# Diet Ideas



## Parki79 (Aug 22, 2011)

As my gains have slowed down but are pretty steady just looking to alter my diet which has done me up to now but a few ideas as to perhaps why its not great would help. I dont have a big appetite and looking to grow a bit more.

Im 5'10" and just over 12 stone.

This week I have been having :-

9am Oats & Milk + Protein shake on my way to work

12:00 - Baked Potato with 2 fillings. Apple.

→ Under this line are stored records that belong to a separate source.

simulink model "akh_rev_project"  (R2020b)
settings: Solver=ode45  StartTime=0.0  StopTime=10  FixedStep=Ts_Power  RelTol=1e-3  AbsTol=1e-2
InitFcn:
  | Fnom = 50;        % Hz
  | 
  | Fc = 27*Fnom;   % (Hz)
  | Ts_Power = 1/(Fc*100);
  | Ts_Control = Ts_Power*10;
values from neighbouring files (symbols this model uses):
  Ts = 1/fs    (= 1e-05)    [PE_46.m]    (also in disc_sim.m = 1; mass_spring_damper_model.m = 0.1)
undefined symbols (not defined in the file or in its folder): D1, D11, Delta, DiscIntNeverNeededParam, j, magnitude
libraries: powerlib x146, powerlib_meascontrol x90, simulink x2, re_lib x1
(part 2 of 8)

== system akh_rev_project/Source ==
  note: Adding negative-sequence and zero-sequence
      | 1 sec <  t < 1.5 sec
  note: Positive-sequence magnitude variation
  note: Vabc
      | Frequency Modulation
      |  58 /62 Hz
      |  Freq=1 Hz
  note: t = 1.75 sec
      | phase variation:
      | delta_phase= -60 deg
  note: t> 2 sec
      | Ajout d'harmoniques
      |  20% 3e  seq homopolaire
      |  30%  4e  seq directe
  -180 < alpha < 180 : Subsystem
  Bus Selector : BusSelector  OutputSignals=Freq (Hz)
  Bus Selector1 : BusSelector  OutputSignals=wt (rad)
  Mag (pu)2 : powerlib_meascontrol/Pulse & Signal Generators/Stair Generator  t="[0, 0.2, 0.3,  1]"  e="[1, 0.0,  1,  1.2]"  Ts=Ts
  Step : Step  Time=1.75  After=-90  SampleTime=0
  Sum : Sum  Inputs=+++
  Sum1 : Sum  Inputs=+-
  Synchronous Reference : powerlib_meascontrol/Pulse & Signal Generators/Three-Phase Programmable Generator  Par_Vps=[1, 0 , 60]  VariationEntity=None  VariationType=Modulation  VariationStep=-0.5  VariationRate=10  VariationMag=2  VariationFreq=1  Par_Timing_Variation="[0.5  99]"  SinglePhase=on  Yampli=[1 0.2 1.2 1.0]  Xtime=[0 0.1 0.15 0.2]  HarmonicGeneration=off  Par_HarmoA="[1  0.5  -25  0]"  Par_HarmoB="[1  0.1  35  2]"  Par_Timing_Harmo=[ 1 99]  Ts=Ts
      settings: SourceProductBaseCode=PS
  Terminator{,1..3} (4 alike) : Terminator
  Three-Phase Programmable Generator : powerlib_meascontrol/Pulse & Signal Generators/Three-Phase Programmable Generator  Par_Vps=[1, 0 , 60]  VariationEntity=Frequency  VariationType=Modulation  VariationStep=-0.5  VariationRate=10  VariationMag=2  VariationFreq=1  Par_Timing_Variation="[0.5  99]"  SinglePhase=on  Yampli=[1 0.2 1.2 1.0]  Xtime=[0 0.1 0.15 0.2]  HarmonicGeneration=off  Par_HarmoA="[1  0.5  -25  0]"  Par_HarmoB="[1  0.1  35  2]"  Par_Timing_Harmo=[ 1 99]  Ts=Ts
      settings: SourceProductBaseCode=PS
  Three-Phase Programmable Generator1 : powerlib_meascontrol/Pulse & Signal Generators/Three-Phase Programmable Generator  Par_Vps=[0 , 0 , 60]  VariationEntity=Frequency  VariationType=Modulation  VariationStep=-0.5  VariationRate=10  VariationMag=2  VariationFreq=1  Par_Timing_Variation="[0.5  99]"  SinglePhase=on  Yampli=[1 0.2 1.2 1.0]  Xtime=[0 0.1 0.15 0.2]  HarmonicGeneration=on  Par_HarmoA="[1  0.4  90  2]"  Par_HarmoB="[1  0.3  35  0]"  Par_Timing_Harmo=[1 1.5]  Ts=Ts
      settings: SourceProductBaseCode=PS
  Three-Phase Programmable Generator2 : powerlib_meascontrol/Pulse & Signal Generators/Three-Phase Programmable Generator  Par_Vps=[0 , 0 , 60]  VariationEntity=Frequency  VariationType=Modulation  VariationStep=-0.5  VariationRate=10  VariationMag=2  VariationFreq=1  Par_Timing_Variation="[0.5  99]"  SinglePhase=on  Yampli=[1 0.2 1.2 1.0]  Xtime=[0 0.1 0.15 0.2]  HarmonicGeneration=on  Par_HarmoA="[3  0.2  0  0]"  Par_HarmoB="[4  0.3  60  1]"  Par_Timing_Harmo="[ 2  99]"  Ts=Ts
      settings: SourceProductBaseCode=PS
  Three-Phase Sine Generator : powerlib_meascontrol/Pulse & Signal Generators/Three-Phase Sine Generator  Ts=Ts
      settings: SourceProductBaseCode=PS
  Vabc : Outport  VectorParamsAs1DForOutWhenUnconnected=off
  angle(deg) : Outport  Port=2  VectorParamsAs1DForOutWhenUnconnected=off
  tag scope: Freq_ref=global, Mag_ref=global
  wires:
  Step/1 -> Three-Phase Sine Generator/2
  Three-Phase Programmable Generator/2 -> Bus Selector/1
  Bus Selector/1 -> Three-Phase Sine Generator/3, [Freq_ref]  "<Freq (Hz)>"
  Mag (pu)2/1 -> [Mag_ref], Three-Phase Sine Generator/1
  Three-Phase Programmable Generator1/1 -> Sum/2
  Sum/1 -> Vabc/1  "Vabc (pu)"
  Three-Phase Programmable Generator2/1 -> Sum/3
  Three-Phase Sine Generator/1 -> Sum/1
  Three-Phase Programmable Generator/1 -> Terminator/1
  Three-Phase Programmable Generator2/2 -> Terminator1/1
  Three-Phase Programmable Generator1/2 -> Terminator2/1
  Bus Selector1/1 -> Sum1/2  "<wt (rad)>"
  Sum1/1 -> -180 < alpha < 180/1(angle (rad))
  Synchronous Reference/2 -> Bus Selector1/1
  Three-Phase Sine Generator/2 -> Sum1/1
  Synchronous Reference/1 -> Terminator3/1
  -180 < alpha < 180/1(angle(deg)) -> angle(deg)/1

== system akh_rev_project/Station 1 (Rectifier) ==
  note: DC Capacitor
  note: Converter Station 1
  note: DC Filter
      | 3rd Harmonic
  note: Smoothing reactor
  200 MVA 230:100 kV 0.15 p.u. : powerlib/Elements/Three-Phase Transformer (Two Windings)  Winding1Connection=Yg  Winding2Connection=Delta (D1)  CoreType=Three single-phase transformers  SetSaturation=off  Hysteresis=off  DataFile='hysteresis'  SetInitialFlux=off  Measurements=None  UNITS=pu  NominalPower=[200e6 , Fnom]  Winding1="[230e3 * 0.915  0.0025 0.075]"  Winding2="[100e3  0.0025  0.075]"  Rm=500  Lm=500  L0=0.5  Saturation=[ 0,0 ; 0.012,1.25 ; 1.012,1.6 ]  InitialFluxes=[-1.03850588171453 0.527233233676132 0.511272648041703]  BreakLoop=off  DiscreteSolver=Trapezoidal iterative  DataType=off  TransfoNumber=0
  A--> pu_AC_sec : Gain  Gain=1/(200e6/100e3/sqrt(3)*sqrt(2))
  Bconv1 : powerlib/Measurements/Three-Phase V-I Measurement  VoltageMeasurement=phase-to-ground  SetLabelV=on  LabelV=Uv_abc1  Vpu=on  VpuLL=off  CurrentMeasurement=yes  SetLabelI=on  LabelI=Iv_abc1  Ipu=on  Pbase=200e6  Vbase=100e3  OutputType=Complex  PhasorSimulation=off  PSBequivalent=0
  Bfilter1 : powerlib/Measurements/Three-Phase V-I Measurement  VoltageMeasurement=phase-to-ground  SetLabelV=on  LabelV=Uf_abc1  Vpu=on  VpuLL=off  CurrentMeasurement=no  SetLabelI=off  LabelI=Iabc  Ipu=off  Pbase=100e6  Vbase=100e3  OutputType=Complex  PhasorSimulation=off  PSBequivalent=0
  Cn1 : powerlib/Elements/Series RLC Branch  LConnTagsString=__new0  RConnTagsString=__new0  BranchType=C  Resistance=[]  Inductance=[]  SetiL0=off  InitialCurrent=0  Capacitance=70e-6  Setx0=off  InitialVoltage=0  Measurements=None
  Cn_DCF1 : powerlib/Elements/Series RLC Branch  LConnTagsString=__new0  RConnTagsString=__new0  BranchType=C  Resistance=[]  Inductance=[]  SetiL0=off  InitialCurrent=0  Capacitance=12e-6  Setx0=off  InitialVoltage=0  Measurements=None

3:00 - Cashew Nuts or Go Natural Bar

6:00 - Pasta meal or Chicken and Carbs

8:00 - Post Workout Protein Shake

11:00 Cottage cheese and brown bread.

How am I best tweaking this as I know it isnt great and I need to take my diet more seriously as I feel its now the main thing holding me back.


----------



## Vibora (Sep 30, 2007)

Diet isn't too bad.

What are those fillings with your baked potato? If not protein based, Id add some in here and maybe also add a shake with your 3pm meal.


----------



## Parki79 (Aug 22, 2011)

With the jacket spud I tend to have bolognese or chilli with cheese. I could substitute this for other things but I go out for my food but there is a good selection.

I could easily have a shake with meal 2. Is there anything else I can have as a snack for meal 2 that is high in protein even though there are no cooking or fridge facilities where I work?

What protein source would be good to add to meal 3 any suggestions?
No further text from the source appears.